Sylvestre Ossiala, head of a parliamentary commission on economy and finance, admits to “errors” in the negotiation of petrol contracts.
But, he claims certain front companies are formed to prevent Congolese petrol cargoes from being seized by vulture funds: firms which acquire the debts of poor countries cheaply, later suing for the full amount of debt as well as interest owed on it. Substantial amounts of Congolese debt are owed to commercial lenders.
“We must camouflage ourselves to avoid losing everything,” Ossiala says, noting that civil society should be more prompt in exposing wrongdoing within the oil sector – not when “when you can no longer correct errors”.
Anger at Congo’s oil-related injustices has also contributed to the rash of conflicts that the country has experienced since the 1990s.

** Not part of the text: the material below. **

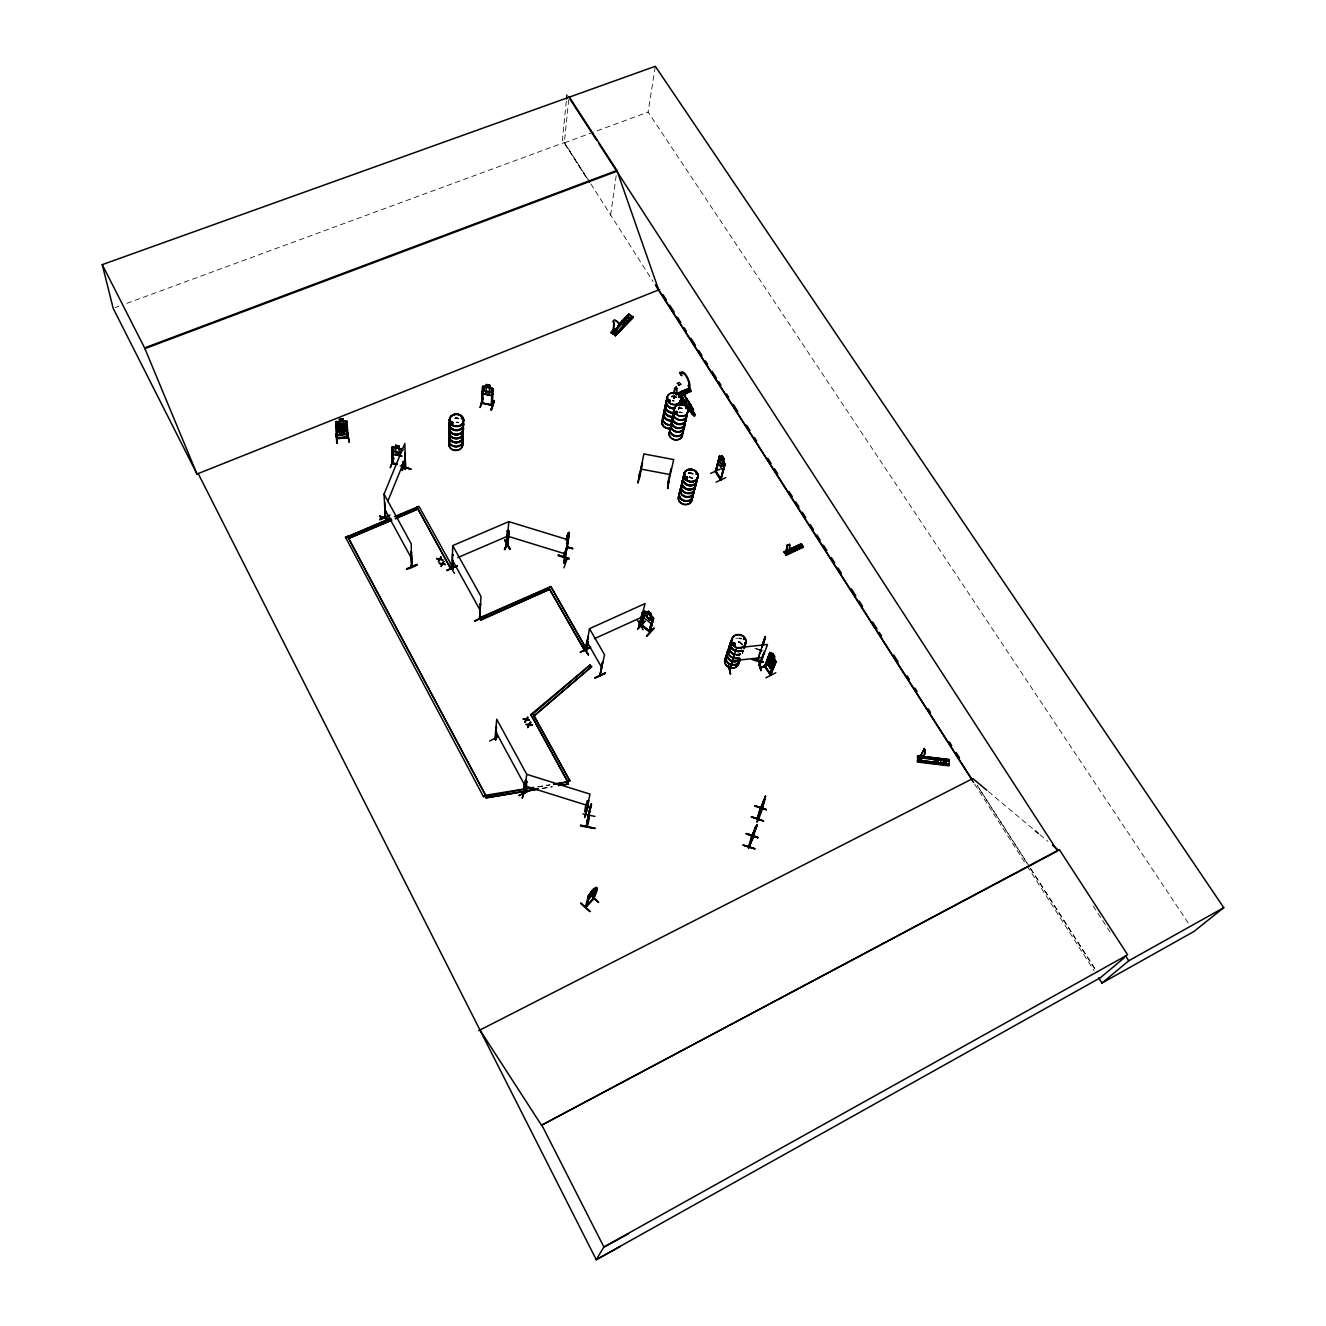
<?xml version="1.0" encoding="UTF-8"?>
<svg xmlns="http://www.w3.org/2000/svg" width="1326" height="1326" viewBox="0 0 1326 1326"><rect width="100%" height="100%" fill="white"/><g stroke="black" fill="none" stroke-linecap="round" stroke-linejoin="round"><path stroke-width="0.75" stroke-dasharray="5 3.75" d="M673.409 396.259L673.393 397.319L673.625 396.142M566.285 101.157L562.423 140.142L589.639 182.491L564.329 142.893L568.904 97.428M610.623 215.226L616.524 173.275M742.477 653.619L742.461 650.072M1188.162 922.929L648.116 112.08L655.293 66.3M678.929 408.806L679.177 407.264A7.028 5.95 12.3 0 1 678.846 408.905M673.989 397.535C677.006 398.015 673.973 395.728 674.089 398.794M675.713 396.789L673.807 398.347M754.958 648.563L764.257 651.265M758.803 655.342L760.428 649.889L758.936 655.011M759.185 655.458L761.704 647.303M760.643 650.618L755.074 648.149L764.323 650.983M742.345 653.503L743.372 650.618L742.659 652.177A7.376 6.613 19.4 0 0 743.621 648.911M760.312 650.072L760.494 651.398M761.356 647.652L760.444 651.248M760.328 651.58L761.737 647.768M758.77 656.569L762.218 647.403M760.113 653.95L762.185 648.431M759.848 654.862L762.616 647.519M742.891 651.994L743.621 650.386A7.475 6.713 19.4 0 1 742.875 651.845M672.846 396.474L673.542 397.253M674.122 397.75L675.846 397.004M115.13 307.665L119.025 306.24M126.799 303.372L564.379 142.512L589.722 182.143M564.329 142.893L648.116 112.08M537.792 786.732L549.826 784.743M537.726 787.08L549.776 785.108M542.235 788.257L552.279 786.6M542.185 788.605L552.213 786.948M673.459 397.817L674.056 398.761M988.434 791.605L1033.683 829.496M1039.932 834.717L1047.739 841.248M741.682 643.574L742.875 645.082M1093.138 905.89L1110.939 933.338M1029.556 866.79L977.279 785.473L1029.39 866.889M1030.667 868.53L1095.193 968.892M674.072 394.982L675.597 397.336M673.525 394.717L675.332 397.502L673.343 394.833M672.183 395.629L673.989 398.413M1030.501 868.613L1097.05 972.555M590.832 183.866L653.055 281.543M974.66 784.114L1026.026 864.386M1027.153 866.127L1094.149 970.831M456.724 422.099A7.078 6.066 3.2 0 1 458.547 422.43M458.713 418.254A7.21 6.166 3.3 0 0 454.984 418.005A7.111 6.083 3.3 0 1 458.68 418.104M456.724 422.48A7.194 6.149 3.2 0 1 458.564 422.812M456.724 422.248A7.194 6.149 3.2 0 1 458.564 422.596M455 418.568A7.094 6.066 3.3 0 1 458.647 418.834M454.984 418.22A7.21 6.166 3.3 0 1 458.697 418.486M738.367 641.635A7.475 6.713 19.4 0 1 742.858 645.082A7.376 6.613 19.4 0 0 738.416 641.519M743.588 650.022A7.376 6.613 19.4 0 1 742.858 651.596M738.201 642.132A7.376 6.613 19.4 0 1 742.626 645.513M738.3 641.834A7.475 6.696 19.4 0 1 742.792 645.265M743.538 650.453A7.475 6.696 19.4 0 1 742.809 652.044M735.698 638.27A7.392 6.613 19.4 0 1 741.234 639.281M739.577 638.187A7.508 6.729 19.4 0 1 741.367 638.983M692.62 477.973A7.061 6.1 13.8 0 0 689.122 476.912A7.177 6.199 13.8 0 1 692.62 478.122M688.244 473.001A7.194 6.216 13.8 0 1 693.647 473.995M688.327 472.852A7.078 6.116 13.8 0 1 691.973 473.117M688.956 477.592A7.061 6.1 13.8 0 1 692.437 478.653M689.023 477.261A7.16 6.199 13.8 0 1 692.553 478.338M688.161 473.548A7.078 6.116 13.8 0 1 693.481 474.526M688.194 473.216A7.194 6.216 13.8 0 1 693.597 474.211M679.509 411.972A6.945 5.901 12.7 0 1 682.94 413.016M678.614 407.894A7.078 6 12.7 0 1 682.244 408.159M679.409 412.353A7.044 5.984 12.7 0 1 681.216 412.684M679.459 412.121A7.044 5.984 12.7 0 1 681.266 412.469M678.531 408.458A6.962 5.917 12.7 0 1 682.111 408.723M678.564 408.126A7.078 6 12.7 0 1 682.194 408.375M672.232 400.883A7.028 5.95 12.3 0 1 674.039 401.214M678.862 408.408A6.928 5.884 12.3 0 1 678.15 409.784M672.332 400.502A6.928 5.884 12.3 0 1 674.105 400.833M678.962 407.612A6.928 5.884 12.3 0 1 678.697 409.121M671.404 396.408A7.061 5.967 12.3 0 1 676.708 397.386M671.486 396.242A6.945 5.884 12.3 0 1 676.708 397.203M671.337 396.971A6.945 5.884 12.3 0 1 676.542 397.933M671.354 396.623A7.061 5.967 12.3 0 1 676.658 397.601M741.433 638.8A7.508 6.729 19.4 0 0 739.643 638.005A7.409 6.63 19.4 0 1 741.449 638.668"/><path stroke-width="1.5" d="M774.682 662.271L774.633 664.89L774.749 662.287L770.008 654.928M786.219 552.097L785.705 553.738L785.489 551.815L784.959 552.892M786.069 552.727L786.434 551.964M639.281 624.96L645.116 603.562L589.506 628.673L585.528 650.552L586.97 649.292L585.827 649.326M411.01 565.87L411.425 566.732M411.972 566.185L411.259 551.666L411.59 565.854M679.608 382.452L677.238 383.463L678.266 383.695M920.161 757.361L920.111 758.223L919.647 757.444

Ironically, the commodity that this country produces so much of is not even regularly available to its citizens. Fuel and paraffin shortages are often experienced – and last year transporters went on strike to protest against an increase in the price of petrol, now selling at about a dollar per litre.
“Our paraffin can no longer…be found on the market. A litre presently costs 1,000 CFA francs (about two dollars). This is hard in a country where electricity is also scarce,” Pamela Ngoma, a teacher in the coastal town and economic capital of Pointe-Noire, told IPS.
“A minority in power monopolises all the wealth and dismisses the majority that slave away in misery. What are we doing with our petrol?”